### [Your goal]
What you return should be every line below, word for word, and none of the images.

### [Data for the task]

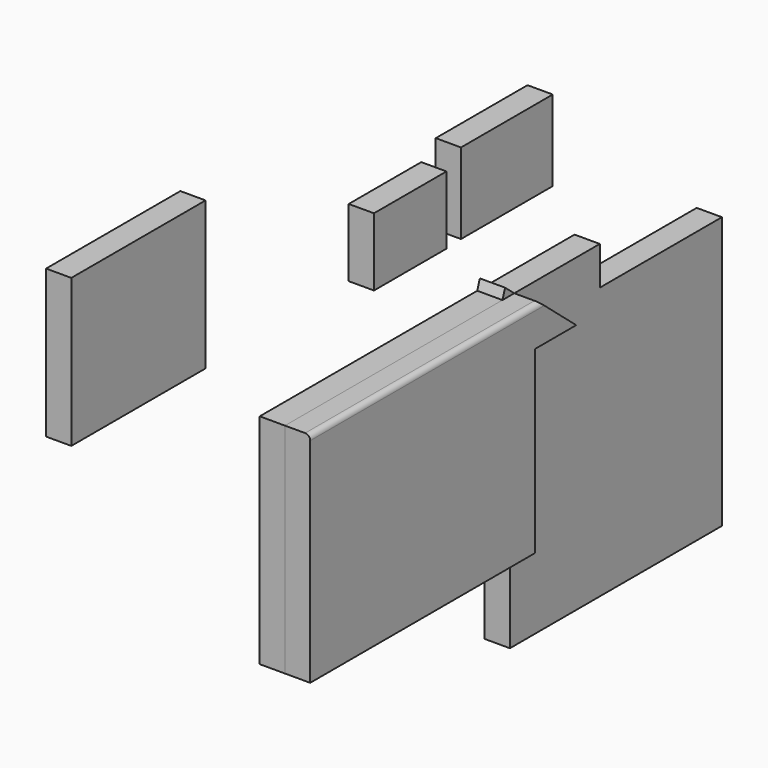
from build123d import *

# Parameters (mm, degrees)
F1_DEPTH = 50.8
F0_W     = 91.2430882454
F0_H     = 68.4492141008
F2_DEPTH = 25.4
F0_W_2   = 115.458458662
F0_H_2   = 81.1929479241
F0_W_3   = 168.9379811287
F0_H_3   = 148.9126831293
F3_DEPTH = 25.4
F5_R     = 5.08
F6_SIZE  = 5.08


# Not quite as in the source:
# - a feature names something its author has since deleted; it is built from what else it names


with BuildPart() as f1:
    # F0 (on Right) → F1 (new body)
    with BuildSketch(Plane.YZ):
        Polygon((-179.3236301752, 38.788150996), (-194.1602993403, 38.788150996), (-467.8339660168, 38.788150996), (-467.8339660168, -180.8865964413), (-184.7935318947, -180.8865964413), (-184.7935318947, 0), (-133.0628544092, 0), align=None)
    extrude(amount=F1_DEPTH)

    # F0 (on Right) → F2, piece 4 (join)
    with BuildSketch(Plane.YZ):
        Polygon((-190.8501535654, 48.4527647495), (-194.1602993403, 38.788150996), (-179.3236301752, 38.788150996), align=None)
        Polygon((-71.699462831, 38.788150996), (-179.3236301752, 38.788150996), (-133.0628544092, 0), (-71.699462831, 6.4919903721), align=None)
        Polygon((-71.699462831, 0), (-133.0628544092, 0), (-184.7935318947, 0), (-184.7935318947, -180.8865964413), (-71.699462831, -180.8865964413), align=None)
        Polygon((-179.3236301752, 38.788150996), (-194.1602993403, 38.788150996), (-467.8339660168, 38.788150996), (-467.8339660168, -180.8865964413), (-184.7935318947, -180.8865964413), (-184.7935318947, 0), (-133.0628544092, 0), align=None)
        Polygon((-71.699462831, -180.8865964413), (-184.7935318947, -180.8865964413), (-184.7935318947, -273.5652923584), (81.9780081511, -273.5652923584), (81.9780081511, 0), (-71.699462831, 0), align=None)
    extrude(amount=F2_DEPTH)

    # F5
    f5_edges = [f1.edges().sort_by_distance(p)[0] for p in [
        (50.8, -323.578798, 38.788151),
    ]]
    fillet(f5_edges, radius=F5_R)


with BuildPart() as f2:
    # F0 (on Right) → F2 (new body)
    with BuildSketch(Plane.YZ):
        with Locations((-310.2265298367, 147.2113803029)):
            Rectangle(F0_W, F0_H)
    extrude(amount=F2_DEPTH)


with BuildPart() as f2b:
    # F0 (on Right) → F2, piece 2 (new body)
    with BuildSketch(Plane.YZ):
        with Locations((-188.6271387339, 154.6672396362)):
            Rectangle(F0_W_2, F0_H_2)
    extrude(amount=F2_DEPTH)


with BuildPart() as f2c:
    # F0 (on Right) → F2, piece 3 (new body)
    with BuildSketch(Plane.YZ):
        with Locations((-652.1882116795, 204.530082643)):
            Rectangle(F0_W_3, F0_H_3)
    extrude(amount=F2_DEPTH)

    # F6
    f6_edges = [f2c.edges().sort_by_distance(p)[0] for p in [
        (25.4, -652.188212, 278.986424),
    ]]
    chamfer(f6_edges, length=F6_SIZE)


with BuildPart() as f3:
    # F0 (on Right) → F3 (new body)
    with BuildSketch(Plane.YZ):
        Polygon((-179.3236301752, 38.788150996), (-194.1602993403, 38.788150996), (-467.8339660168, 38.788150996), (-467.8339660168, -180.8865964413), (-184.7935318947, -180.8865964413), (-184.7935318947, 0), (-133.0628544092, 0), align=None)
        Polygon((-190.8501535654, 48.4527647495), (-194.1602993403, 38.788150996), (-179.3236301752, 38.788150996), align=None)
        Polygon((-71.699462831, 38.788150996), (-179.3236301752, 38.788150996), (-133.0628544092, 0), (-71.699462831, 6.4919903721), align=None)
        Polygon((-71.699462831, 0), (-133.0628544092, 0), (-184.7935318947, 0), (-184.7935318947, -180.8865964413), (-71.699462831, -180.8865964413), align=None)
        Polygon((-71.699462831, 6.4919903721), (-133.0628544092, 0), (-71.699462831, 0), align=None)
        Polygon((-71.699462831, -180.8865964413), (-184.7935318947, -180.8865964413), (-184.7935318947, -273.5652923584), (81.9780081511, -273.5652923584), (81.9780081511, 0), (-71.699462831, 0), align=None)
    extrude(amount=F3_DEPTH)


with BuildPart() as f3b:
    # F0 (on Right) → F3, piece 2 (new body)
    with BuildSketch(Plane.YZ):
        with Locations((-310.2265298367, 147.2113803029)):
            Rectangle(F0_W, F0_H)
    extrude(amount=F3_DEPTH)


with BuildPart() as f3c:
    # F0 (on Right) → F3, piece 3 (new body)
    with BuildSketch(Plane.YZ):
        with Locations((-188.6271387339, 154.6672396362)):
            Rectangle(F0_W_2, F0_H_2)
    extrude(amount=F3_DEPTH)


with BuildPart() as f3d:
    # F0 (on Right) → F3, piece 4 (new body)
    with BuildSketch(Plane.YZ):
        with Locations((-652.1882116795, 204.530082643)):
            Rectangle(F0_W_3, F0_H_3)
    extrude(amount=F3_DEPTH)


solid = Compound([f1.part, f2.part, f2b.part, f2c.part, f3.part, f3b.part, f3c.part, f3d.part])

### [Solved exercise]
from build123d import *

# Parameters (mm, degrees)
F1_DEPTH = 50.8
F0_W     = 91.2430882454
F0_H     = 68.4492141008
F2_DEPTH = 25.4
F0_W_2   = 115.458458662
F0_H_2   = 81.1929479241
F0_W_3   = 168.9379811287
F0_H_3   = 148.9126831293
F3_DEPTH = 25.4
F5_R     = 5.08
F6_SIZE  = 5.08


# Not quite as in the source:
# - a feature names something its author has since deleted; it is built from what else it names


with BuildPart() as f1:
    # F0 (on Right) → F1 (new body)
    with BuildSketch(Plane.YZ):
        Polygon((-179.3236301752, 38.788150996), (-194.1602993403, 38.788150996), (-467.8339660168, 38.788150996), (-467.8339660168, -180.8865964413), (-184.7935318947, -180.8865964413), (-184.7935318947, 0), (-133.0628544092, 0), align=None)
    extrude(amount=F1_DEPTH)

    # F0 (on Right) → F2, piece 4 (join)
    with BuildSketch(Plane.YZ):
        Polygon((-190.8501535654, 48.4527647495), (-194.1602993403, 38.788150996), (-179.3236301752, 38.788150996), align=None)
        Polygon((-71.699462831, 38.788150996), (-179.3236301752, 38.788150996), (-133.0628544092, 0), (-71.699462831, 6.4919903721), align=None)
        Polygon((-71.699462831, 0), (-133.0628544092, 0), (-184.7935318947, 0), (-184.7935318947, -180.8865964413), (-71.699462831, -180.8865964413), align=None)
        Polygon((-179.3236301752, 38.788150996), (-194.1602993403, 38.788150996), (-467.8339660168, 38.788150996), (-467.8339660168, -180.8865964413), (-184.7935318947, -180.8865964413), (-184.7935318947, 0), (-133.0628544092, 0), align=None)
        Polygon((-71.699462831, -180.8865964413), (-184.7935318947, -180.8865964413), (-184.7935318947, -273.5652923584), (81.9780081511, -273.5652923584), (81.9780081511, 0), (-71.699462831, 0), align=None)
    extrude(amount=F2_DEPTH)

    # F5
    f5_edges = [f1.edges().sort_by_distance(p)[0] for p in [
        (50.8, -323.578798, 38.788151),
    ]]
    fillet(f5_edges, radius=F5_R)


with BuildPart() as f2:
    # F0 (on Right) → F2 (new body)
    with BuildSketch(Plane.YZ):
        with Locations((-310.2265298367, 147.2113803029)):
            Rectangle(F0_W, F0_H)
    extrude(amount=F2_DEPTH)


with BuildPart() as f2b:
    # F0 (on Right) → F2, piece 2 (new body)
    with BuildSketch(Plane.YZ):
        with Locations((-188.6271387339, 154.6672396362)):
            Rectangle(F0_W_2, F0_H_2)
    extrude(amount=F2_DEPTH)


with BuildPart() as f2c:
    # F0 (on Right) → F2, piece 3 (new body)
    with BuildSketch(Plane.YZ):
        with Locations((-652.1882116795, 204.530082643)):
            Rectangle(F0_W_3, F0_H_3)
    extrude(amount=F2_DEPTH)

    # F6
    f6_edges = [f2c.edges().sort_by_distance(p)[0] for p in [
        (25.4, -652.188212, 278.986424),
    ]]
    chamfer(f6_edges, length=F6_SIZE)


with BuildPart() as f3:
    # F0 (on Right) → F3 (new body)
    with BuildSketch(Plane.YZ):
        Polygon((-179.3236301752, 38.788150996), (-194.1602993403, 38.788150996), (-467.8339660168, 38.788150996), (-467.8339660168, -180.8865964413), (-184.7935318947, -180.8865964413), (-184.7935318947, 0), (-133.0628544092, 0), align=None)
        Polygon((-190.8501535654, 48.4527647495), (-194.1602993403, 38.788150996), (-179.3236301752, 38.788150996), align=None)
        Polygon((-71.699462831, 38.788150996), (-179.3236301752, 38.788150996), (-133.0628544092, 0), (-71.699462831, 6.4919903721), align=None)
        Polygon((-71.699462831, 0), (-133.0628544092, 0), (-184.7935318947, 0), (-184.7935318947, -180.8865964413), (-71.699462831, -180.8865964413), align=None)
        Polygon((-71.699462831, 6.4919903721), (-133.0628544092, 0), (-71.699462831, 0), align=None)
        Polygon((-71.699462831, -180.8865964413), (-184.7935318947, -180.8865964413), (-184.7935318947, -273.5652923584), (81.9780081511, -273.5652923584), (81.9780081511, 0), (-71.699462831, 0), align=None)
    extrude(amount=F3_DEPTH)


with BuildPart() as f3b:
    # F0 (on Right) → F3, piece 2 (new body)
    with BuildSketch(Plane.YZ):
        with Locations((-310.2265298367, 147.2113803029)):
            Rectangle(F0_W, F0_H)
    extrude(amount=F3_DEPTH)


with BuildPart() as f3c:
    # F0 (on Right) → F3, piece 3 (new body)
    with BuildSketch(Plane.YZ):
        with Locations((-188.6271387339, 154.6672396362)):
            Rectangle(F0_W_2, F0_H_2)
    extrude(amount=F3_DEPTH)


with BuildPart() as f3d:
    # F0 (on Right) → F3, piece 4 (new body)
    with BuildSketch(Plane.YZ):
        with Locations((-652.1882116795, 204.530082643)):
            Rectangle(F0_W_3, F0_H_3)
    extrude(amount=F3_DEPTH)


solid = Compound([f1.part, f2.part, f2b.part, f2c.part, f3.part, f3b.part, f3c.part, f3d.part])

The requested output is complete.